Password Spraying in Buffalo (Go)

Password spraying is an authentication attack technique that attempts a small number of common passwords against many accounts to avoid account lockouts. When applied to services built with the Buffalo web framework using Go, the risk depends on how authentication and session handling are implemented. Buffalo provides a structured web environment with built-in middleware and session management, but if protective controls are not explicitly configured, spraying attacks can succeed.

Consider a Buffalo application that uses default session cookies without additional protections. If the login endpoint does not enforce rate limiting or progressive delays, an attacker can orchestrate a password spraying campaign across multiple user accounts. The attacker may enumerate valid user identifiers through user enumeration flaws—such as different responses for existing versus non-existing users—then attempt passwords like Password1, Welcome123, or Spring2024 against each account. Successful authentication against even a single account can lead to unauthorized access, especially when multi-factor authentication is absent.

Buffalo applications often rely on the pops ORM for data access. If user queries are not carefully constructed, indirect exposures such as timing differences or verbose error messages may aid an attacker in confirming account validity. The framework’s HTML rendering can inadvertently disclose whether a user exists when login forms return distinct messages for invalid users versus incorrect passwords. When combined with weak password policies—such as allowing commonly used passwords—password spraying becomes more effective.

The use of Go in Buffalo introduces considerations around concurrency and request handling. Go’s efficient concurrency model can amplify the impact of unthrottled login attempts when multiple goroutines are used to perform rapid requests. If the application does not implement distributed rate limiting or token-based protections, spraying attempts can proceed at high speed across many connections, increasing the likelihood of successful authentication.

To detect such issues, tools like middleBrick perform unauthenticated scans that test authentication mechanisms, rate limiting, and user enumeration behavior. The scanner can identify whether the application responds differently to unknown users, whether account lockout or delays are present, and whether session cookies lack secure attributes. These checks help uncover configurations that make password spraying feasible in Buffalo applications written in Go.

Securing a Buffalo application written in Go requires deliberate controls around authentication flows, session management, and request handling. Below are concrete remediation patterns using real Buffalo code snippets.

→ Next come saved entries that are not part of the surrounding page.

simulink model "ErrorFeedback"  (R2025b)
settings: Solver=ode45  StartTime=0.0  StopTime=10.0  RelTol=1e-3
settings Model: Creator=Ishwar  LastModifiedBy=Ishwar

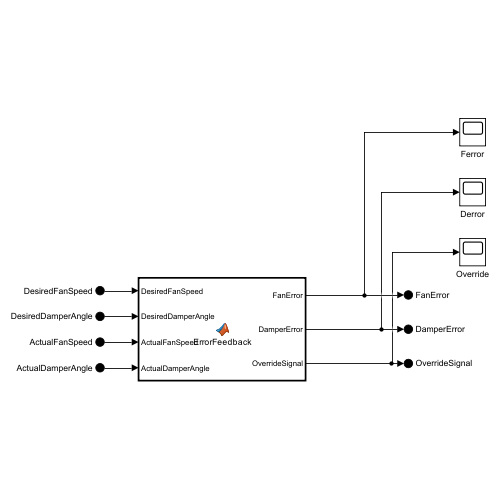
[thumbnail: Simulink's stored preview of the top-level diagram]
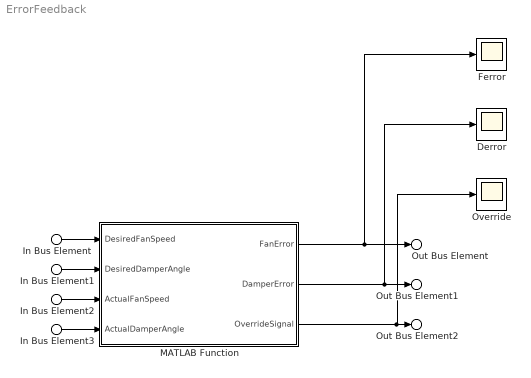
== system ErrorFeedback ==
  In Bus Element : Inport  PortName=DesiredFanSpeed
  In Bus Element1 : Inport  Port=2  PortName=DesiredDamperAngle
  In Bus Element3 : Inport  Port=3  PortName=ActualDamperAngle
  In Bus Element2 : Inport  Port=4  PortName=ActualFanSpeed
  Derror : Scope
      settings: ActiveDisplayYMinimum=-15.984583333333342  ActiveDisplayYMaximum=-3.4845833333333407
  Ferror : Scope
      settings: ActiveDisplayYMinimum=5.98458333333334  ActiveDisplayYMaximum=13.484583333333342
  MATLAB Function : MATLAB Function  TreatAsAtomicUnit=on
  Override : Scope
      settings: ActiveDisplayYMinimum=0.8831176026570049  ActiveDisplayYMaximum=1.1146426026570049  DataLoggingVariableName=ScopeData2
  Out Bus Element : Outport  PortName=FanError
  Out Bus Element1 : Outport  Port=2  PortName=DamperError
  Out Bus Element2 : Outport  Port=3  PortName=OverrideSignal
  wires:
  In Bus Element/1 -> MATLAB Function/1(DesiredFanSpeed)
  In Bus Element1/1 -> MATLAB Function/2(DesiredDamperAngle)
  In Bus Element2/1 -> MATLAB Function/3(ActualFanSpeed)
  In Bus Element3/1 -> MATLAB Function/4(ActualDamperAngle)
  MATLAB Function/2(DamperError) -> Derror/1, Out Bus Element1/1
  MATLAB Function/1(FanError) -> Ferror/1, Out Bus Element/1
  MATLAB Function/3(OverrideSignal) -> Override/1, Out Bus Element2/1

== matlab function ErrorFeedback/MATLAB Function ==
  data: DesiredFanSpeed input; FanError output; DesiredDamperAngle input; ActualFanSpeed input; ActualDamperAngle input; DamperError output; OverrideSignal output
function [FanError, DamperError, OverrideSignal] = ErrorFeedback(DesiredFanSpeed, DesiredDamperAngle, ActualFanSpeed, ActualDamperAngle)
%#codegen

% Thresholds
thresholdFan = 5;     % allowable deviation in %
thresholdDamper = 5;   % allowable deviation in degrees

% Error calculations (double by default)
FanError    = DesiredFanSpeed - ActualFanSpeed;
DamperError = DesiredDamperAngle - ActualDamperAngle;

% Override logic (keep as double to match Simulink ports)
if abs(FanError) > thresholdFan || abs(DamperError) > thresholdDamper
    OverrideSignal = 1;   % double
else
    OverrideSignal = 0;   % double
end

First, enforce account lockout or progressive delays after failed attempts to disrupt automated spraying. Use a cache-backed counter to track failures per user or IP.

package controllers

import (
    "github.com/gobuffalo/buffalo"
    "github.com/gobuffalo/packr/v2"
    "github.com/gorilla/sessions"
    "net/http"
    "time"
)

var store = sessions.NewCookieStore([]byte("your-32-byte-long-key-here-12345678"))
var failureCache = make(map[string]int)

func loginWithDelay(c buffalo.Context) error {
    ip := c.Request().RemoteAddr
    user := c.Param("user")
    key := ip + ":" + user

    if failureCache[key] >= 5 {
        delay := time.Duration(failureCache[key]-5) * time.Second
        time.Sleep(delay)
    }

    // authentication logic here
    if validLogin(c) {
        failureCache[key] = 0
        return c.Render(200, r.JSON(map[string]string{"status": "ok"}))
    }
    failureCache[key]++
    return c.Render(401, r.JSON(map[string]string{"error": "invalid credentials"}))
}

Second, implement secure session configuration with appropriate cookie attributes to prevent session hijacking.

package app

import (
    "github.com/gobuffalo/buffalo"
    "github.com/gobuffalo/buffalo/middleware"
    "github.com/gobuffalo/packr/v2"
    "net/http"
)

func App() *buffalo.App {
    app := buffalo.New(buffalo.Options{
        Env:         ENV,
        SessionStore: &middleware.SessionCookieStore{
            Secure: true,
            HttpOnly: true,
            SameSite: http.SameSiteStrictMode,
        },
    })
    return app
}

Third, integrate rate limiting at the HTTP handler level or via middleware to restrict requests per IP or user.

package middleware

import (
    "net/http"
    "time"
    "github.com/gorilla/mux"
)

func RateLimit(next http.Handler) http.Handler {
    limits := make(map[string]rateLimitInfo)
    return http.HandlerFunc(func(w http.ResponseWriter, r *http.Request) {
        id := r.RemoteAddr
        now := time.Now()
        rl, exists := limits[id]
        if !exists || now.Sub(rl.last) > time.Minute {
            limits[id] = rateLimitInfo{last: now, count: 1}
        } else {
            rl.count++
            limits[id] = rl
        }
        if rl.count > 30 {
            http.Error(w, "rate limit exceeded", http.StatusTooManyRequests)
            return
        }
        next.ServeHTTP(w, r)
    })
}

type rateLimitInfo struct {
    count int
    last  time.Time
}

Finally, validate passwords against a deny-list of common passwords and enforce multi-factor authentication where feasible. Combine these measures with regular security scans using middleBrick to verify that protections are effective in the deployed environment.